Step

Apart from tracking the effect of randomness, a computational intelligence algorithm requires some additional information:

  • The optimization scheme (Opt) required, either minimization or maximization
  • The fitness function evaluation instance, Eval, which calculates the quality of the candidate solution

The result is a function, which uses a predefined set of values to generate a RVar computation to which randomness still needs to be applied. The function is therefore of the shape

(Opt,Eval[A]) => RVar[B]

The predefined set of values required for input is also referred to as the “environment”. Given that the environment is decided once, at the beginning of the execution process, we can factor out this common parameter using a Kleisli arrow, on this case the ReaderT monad transformer is applicable, resulting in the final type of:

ReaderT[RVar, (Opt,Eval[A]), B]

Because monad transformers are monads themselves, we can freely compose different Step instances to create a larger computation. The larger computation, being termed the “algorithm”. Due to the sequencing action of monads, Step instances are analogous to steps in algorithm pseudo-code.

Now that the intention of Step is clearer, lets have a look at some usage. Keep in mind that even though the final “shape” of the Step is defined, this does not limit the manner in which we can create Step instances. Within a PSO, each particle has several actions applied to it, in order to create a new particle that occupies a different location within the problem search space.

The canonical PSO algorithm iteratively alters the position (and state data) of each particle to create a new particle for each within the collection. The new collection essentially replaces the original collection and this process repeats until some kind of stopping condition is met. Stopping condition logic is intentionally not included within the Step. The type for a PSO is then

List[Particle[S,A]] => Particle[S,A] => Step[RVar,(Opt,Eval[A]),Particle[A]]

and the algorithm definition is:

scala> def pso[S](w: Double, c1: Double, c2: Double,
     |   cognitive: Guide[S,Double], social: Guide[S,Double]
     | )(implicit M: HasMemory[S,Double], V: HasVelocity[S,Double]
     | ): List[Particle[S,Double]] => Particle[S,Double] => Step[Double,Particle[S,Double]]  =
     |   collection => x => for {
     |     cog     <- cognitive(collection, x)
     |     soc     <- social(collection, x)
     |     vel     <- stdVelocity(x, soc, cog, w, c1, c2)
     |     p       <- stdPosition(x, vel)
     |     p2      <- evalParticle(p)
     |     p3      <- updateVelocity(p2, vel)
     |     updated <- updatePBest(p3)
     |   } yield updated
pso: [S](w: Double, c1: Double, c2: Double, cognitive: cilib.pso.Guide[S,Double], social: cilib.pso.Guide[S,Double])(implicit M: cilib.HasMemory[S,Double], implicit V: cilib.HasVelocity[S,Double])List[cilib.pso.Particle[S,Double]] => (cilib.pso.Particle[S,Double] => cilib.Step[Double,cilib.pso.Particle[S,Double]])

That sure looks complex! Sure, there are a few things going on there, but it certainly is not complex - the syntax just makes the intention a little hidden due to the verbosity. The pso function defines that there are some parameters that it requires for the stdVelocity function, namely w, c1, c2. Next it requires two individual Guide instances which are the particle attactors for the velocity update equation. In the next parameter group is an implicit parameter that is constraining the types of data elements pso can work with. In this case, the pso requires that all Particle instances (which is just an alias for the type Entity[S,Position[Double]]) must have a HasMemory and HasVelocity instance available for the compiler to provide. As mentioned previously, in the section about lenses and optics, these classy lens instances prevent Entity types that do not have a memory nor a velocity present in their state parameter type. Again, we don’t know what the value of S is at the definition level, it will be made concrete when we actually use the pso function.

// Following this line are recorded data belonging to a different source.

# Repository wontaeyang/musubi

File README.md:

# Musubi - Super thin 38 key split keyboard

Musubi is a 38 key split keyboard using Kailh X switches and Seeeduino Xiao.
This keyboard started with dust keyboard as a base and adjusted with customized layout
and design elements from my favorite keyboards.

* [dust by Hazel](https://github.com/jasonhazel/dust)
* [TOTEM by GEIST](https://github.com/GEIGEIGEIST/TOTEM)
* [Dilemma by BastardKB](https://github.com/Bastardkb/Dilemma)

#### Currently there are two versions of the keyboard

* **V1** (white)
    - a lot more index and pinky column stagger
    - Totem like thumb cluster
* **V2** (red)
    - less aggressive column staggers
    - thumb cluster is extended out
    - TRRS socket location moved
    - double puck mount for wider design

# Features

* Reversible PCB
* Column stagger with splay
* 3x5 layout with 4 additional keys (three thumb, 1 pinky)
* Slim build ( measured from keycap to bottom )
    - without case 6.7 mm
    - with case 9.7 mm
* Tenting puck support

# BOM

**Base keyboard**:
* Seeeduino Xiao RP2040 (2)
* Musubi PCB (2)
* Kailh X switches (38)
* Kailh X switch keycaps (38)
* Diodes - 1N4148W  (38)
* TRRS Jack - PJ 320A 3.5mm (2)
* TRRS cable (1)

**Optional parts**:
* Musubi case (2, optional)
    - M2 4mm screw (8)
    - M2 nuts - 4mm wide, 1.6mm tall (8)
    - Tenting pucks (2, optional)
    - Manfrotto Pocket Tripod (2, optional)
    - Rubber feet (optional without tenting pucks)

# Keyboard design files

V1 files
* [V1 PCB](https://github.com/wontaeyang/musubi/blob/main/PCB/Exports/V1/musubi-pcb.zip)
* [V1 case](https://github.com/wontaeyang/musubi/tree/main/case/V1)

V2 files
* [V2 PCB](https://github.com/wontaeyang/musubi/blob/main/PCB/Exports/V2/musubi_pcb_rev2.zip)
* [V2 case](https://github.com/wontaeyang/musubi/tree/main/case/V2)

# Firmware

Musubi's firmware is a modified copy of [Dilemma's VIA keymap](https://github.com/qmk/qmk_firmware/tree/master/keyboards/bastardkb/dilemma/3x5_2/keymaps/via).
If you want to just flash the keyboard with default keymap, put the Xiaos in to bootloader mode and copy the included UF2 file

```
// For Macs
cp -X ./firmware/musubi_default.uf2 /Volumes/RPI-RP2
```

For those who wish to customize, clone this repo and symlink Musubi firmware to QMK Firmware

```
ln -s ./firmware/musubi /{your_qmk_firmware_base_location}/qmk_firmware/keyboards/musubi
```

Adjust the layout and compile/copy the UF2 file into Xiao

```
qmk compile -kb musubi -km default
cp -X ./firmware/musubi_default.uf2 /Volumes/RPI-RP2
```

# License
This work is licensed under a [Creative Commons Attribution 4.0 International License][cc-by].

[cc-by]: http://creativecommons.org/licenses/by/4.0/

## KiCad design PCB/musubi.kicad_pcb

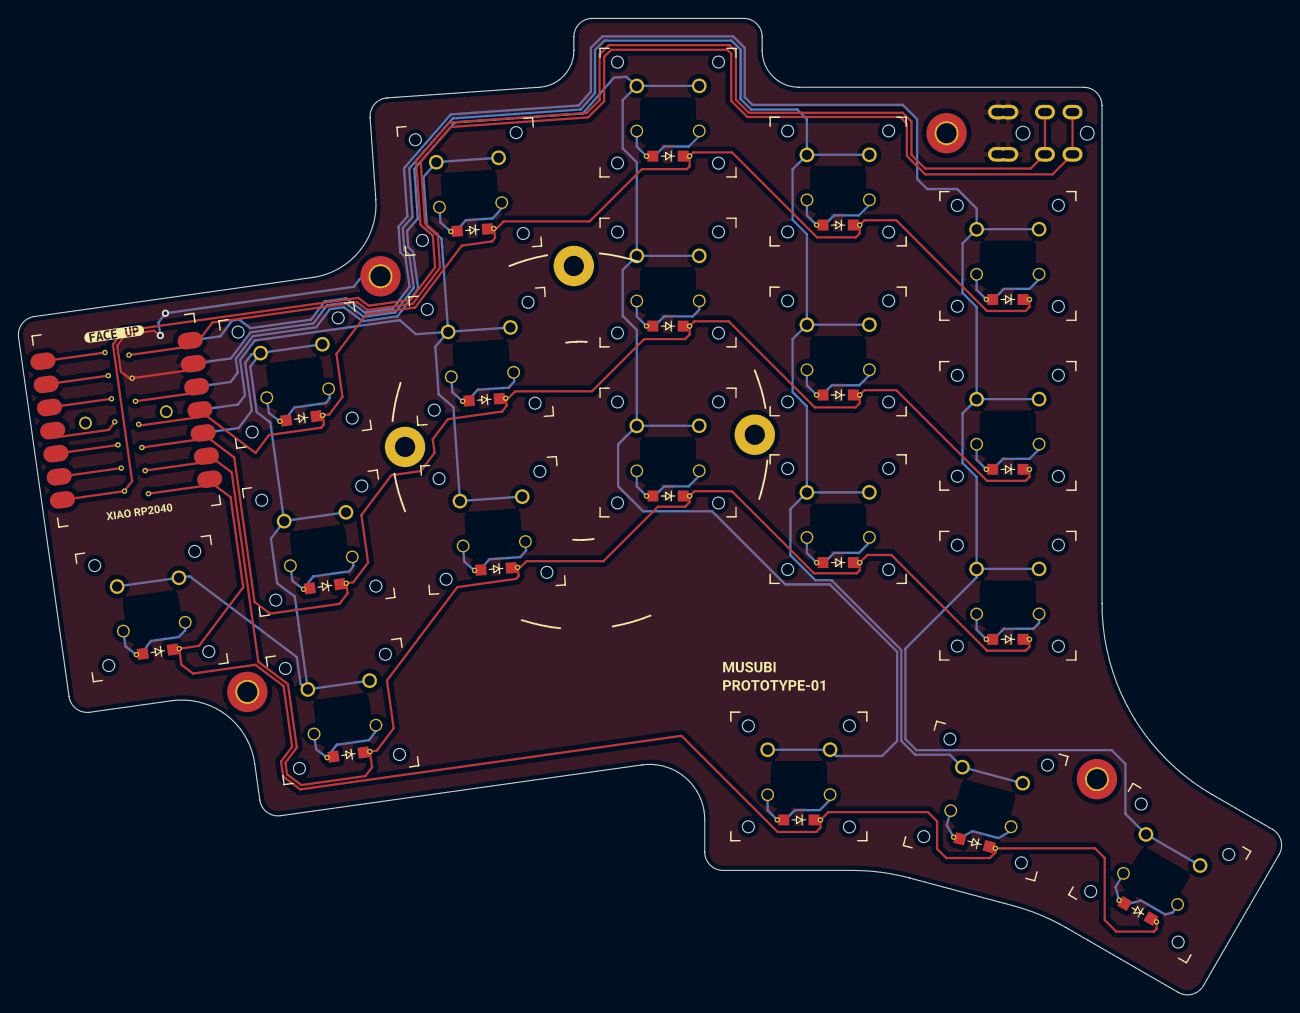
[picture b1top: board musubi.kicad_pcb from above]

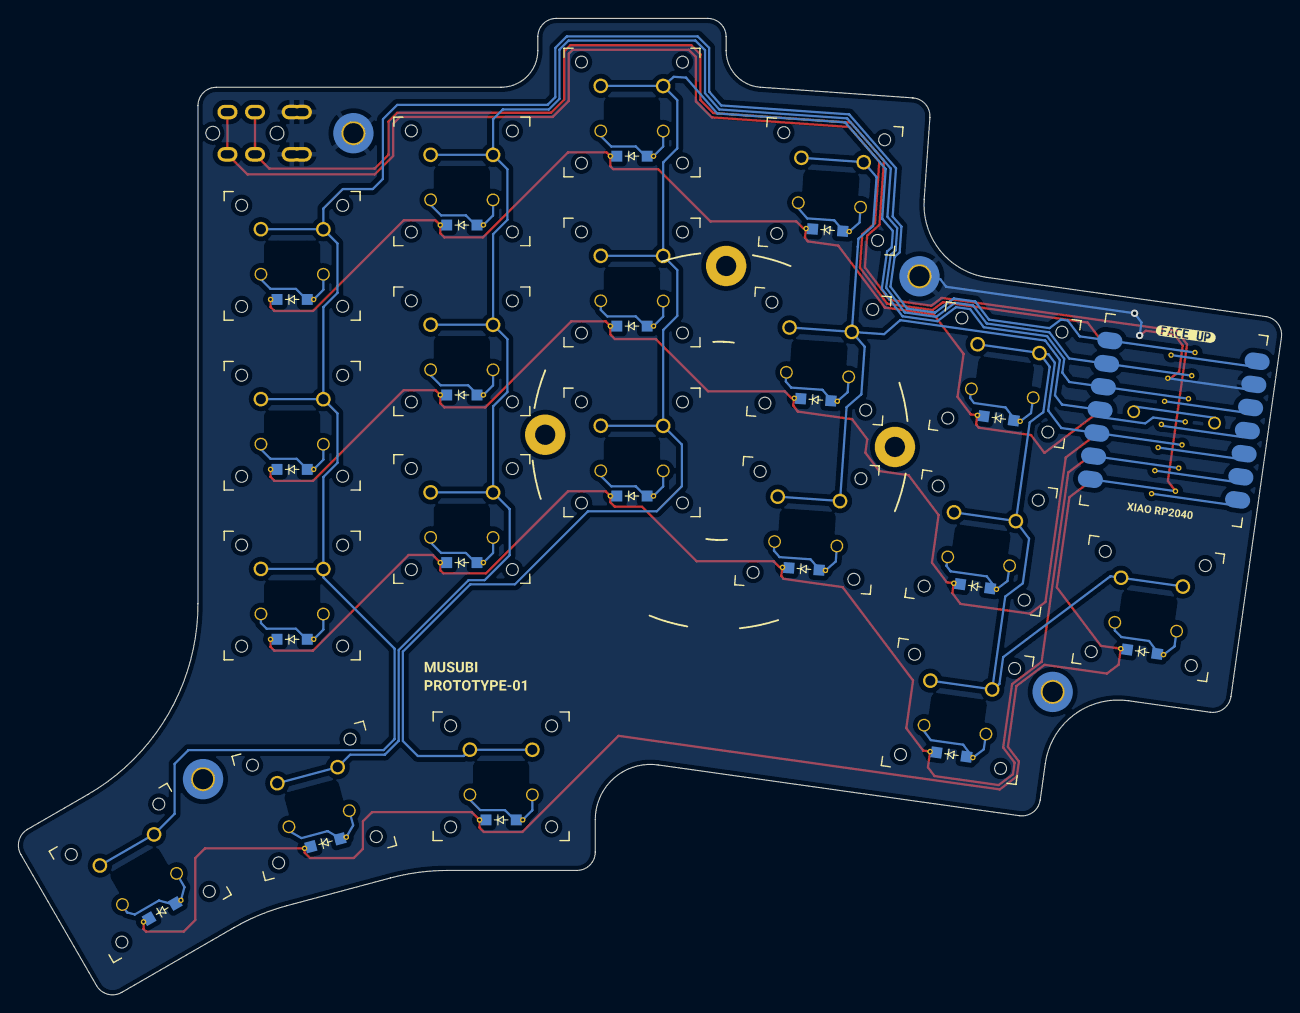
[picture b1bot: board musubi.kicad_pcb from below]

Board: 2 copper layers, 137.5 x 106.3 mm, 44 parts (2 on the bottom side), 31 nets.

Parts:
D1, D2, D3, D4, D5, D6, D7, D8, D9, D10, D11, D12, D13, D14, D15, D17, D18, D19, D20: D_Small; diode-reversible
J1: AudioJack4; TRRS-PJ-320A-dual
SW1, SW2, SW3, SW4, SW5, SW6, SW7, SW8, SW9, SW10, SW11, SW12, SW13, SW14, SW15, SW17, SW18, SW19, SW20: SW_Push_45deg; Kailh-PG1425-X-Switch-revers
U1: xiao-ble; xiao-rev-reversible
kibuzzard-63ADF2C0, kibuzzard-63ADF2C0#2: G***; kibuzzard-63ADF2C0
kibuzzard-63ADF196, kibuzzard-63ADF196#2: G***; kibuzzard-63ADF196

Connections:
COL0: SW1.1, SW6.1, SW11.1, SW17.1, U1.5 (A8_SDA/0.04_H)
COL1: SW2.1, SW7.1, SW12.1, U1.4 (A11/0.29)
COL2: SW3.1, SW8.1, SW13.1, SW18.1, U1.3 (A10/0.28)
COL3: SW4.1, SW9.1, SW14.1, SW19.1, U1.2 (A4/0.03_H)
COL4: SW5.1, SW10.1, SW15.1, SW20.1, U1.1 (A2/0.02_H)
GND: J1.1, J1.2, U1.13 (GND)
unnamed: D1.2 (A), SW1.2
unnamed: D2.2 (A), SW2.2
unnamed: D3.2 (A), SW3.2
unnamed: D4.2 (A), SW4.2
unnamed: D5.2 (A), SW5.2
unnamed: D6.2 (A), SW6.2
unnamed: D7.2 (A), SW7.2
unnamed: D8.2 (A), SW8.2
unnamed: D9.2 (A), SW9.2
unnamed: D10.2 (A), SW10.2
unnamed: D11.2 (A), SW11.2
unnamed: D12.2 (A), SW12.2
unnamed: D13.2 (A), SW13.2
unnamed: D14.2 (A), SW14.2
unnamed: D15.2 (A), SW15.2
unnamed: D17.2 (A), SW17.2
unnamed: D18.2 (A), SW18.2
unnamed: D19.2 (A), SW19.2
unnamed: D20.2 (A), SW20.2
ROW0: D1.1 (K), D2.1 (K), D3.1 (K), D4.1 (K), D5.1 (K), U1.11 (A6_MOSI/1.15)
ROW1: D6.1 (K), D7.1 (K), D8.1 (K), D9.1 (K), D10.1 (K), U1.10 (A5_MISO/1.14)
ROW2: D11.1 (K), D12.1 (K), D13.1 (K), D14.1 (K), D15.1 (K), U1.9 (A7_SCK/1.13)
ROW3: D17.1 (K), D18.1 (K), D19.1 (K), D20.1 (K), U1.8 (B9_RX/1.12)
TX: J1.3, U1.7 (B8_TX/1.11)
VCC: J1.4, U1.14 (5V)

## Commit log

2023-01-07 Adjust image
2023-01-07 Add BOM
2023-01-07 Remove random files
2023-01-07 Remove ds_stores
2023-01-08 Add firmware
2023-01-08 Update readme and add instructions
2023-01-13 Up the tap term
2023-01-14 Add reverse thumb layout
2023-01-16 Lots of stuff
2023-01-16 Try fixing image size
2023-01-16 Add more version details
2023-01-16 Rename pcb exports
2023-01-16 Add design files to readme
2023-01-16 Fix typo
2023-01-16 Rename uf2 files
2023-01-17 Add disclaimer for v2 files
2023-01-18 Reorganize cases
2023-01-18 Remove extra file
2023-01-18 Fix cases
2023-01-23 Remove v2 warning, it is now confirmed to be working

Every function within the for-comprehension is a function that yields a Step instance of the type Step[Double,Particle[S,Double]] (in this usage example). The individual Steps are then composed into a larger composition that ultimately results in the creation of a new piece of data: the particle which replaces the particle identified by the parameter x.

Iteration

Algorithms can be executed either synchronously or asynchronously. Given an algorithm definition like the definition of pso above, it may be passed into an iteration function which converts the signature of pso function into the shape:

List[Particle[S,A]] => RVar[A,Particle[S,A]]

It is important to note that the manner of execution constrains the amount of parallelism that may be applied to the iteration process. The synchronous scheme can be completely parallelized as there is no reliance on the currently building collection. The asynchronous process on the other hand builds the new collection from a combination of the current and new collections. As a result of the manner in which the asynchronous process executes, parallelism is not possible due to the shared state that is managed during the execution process.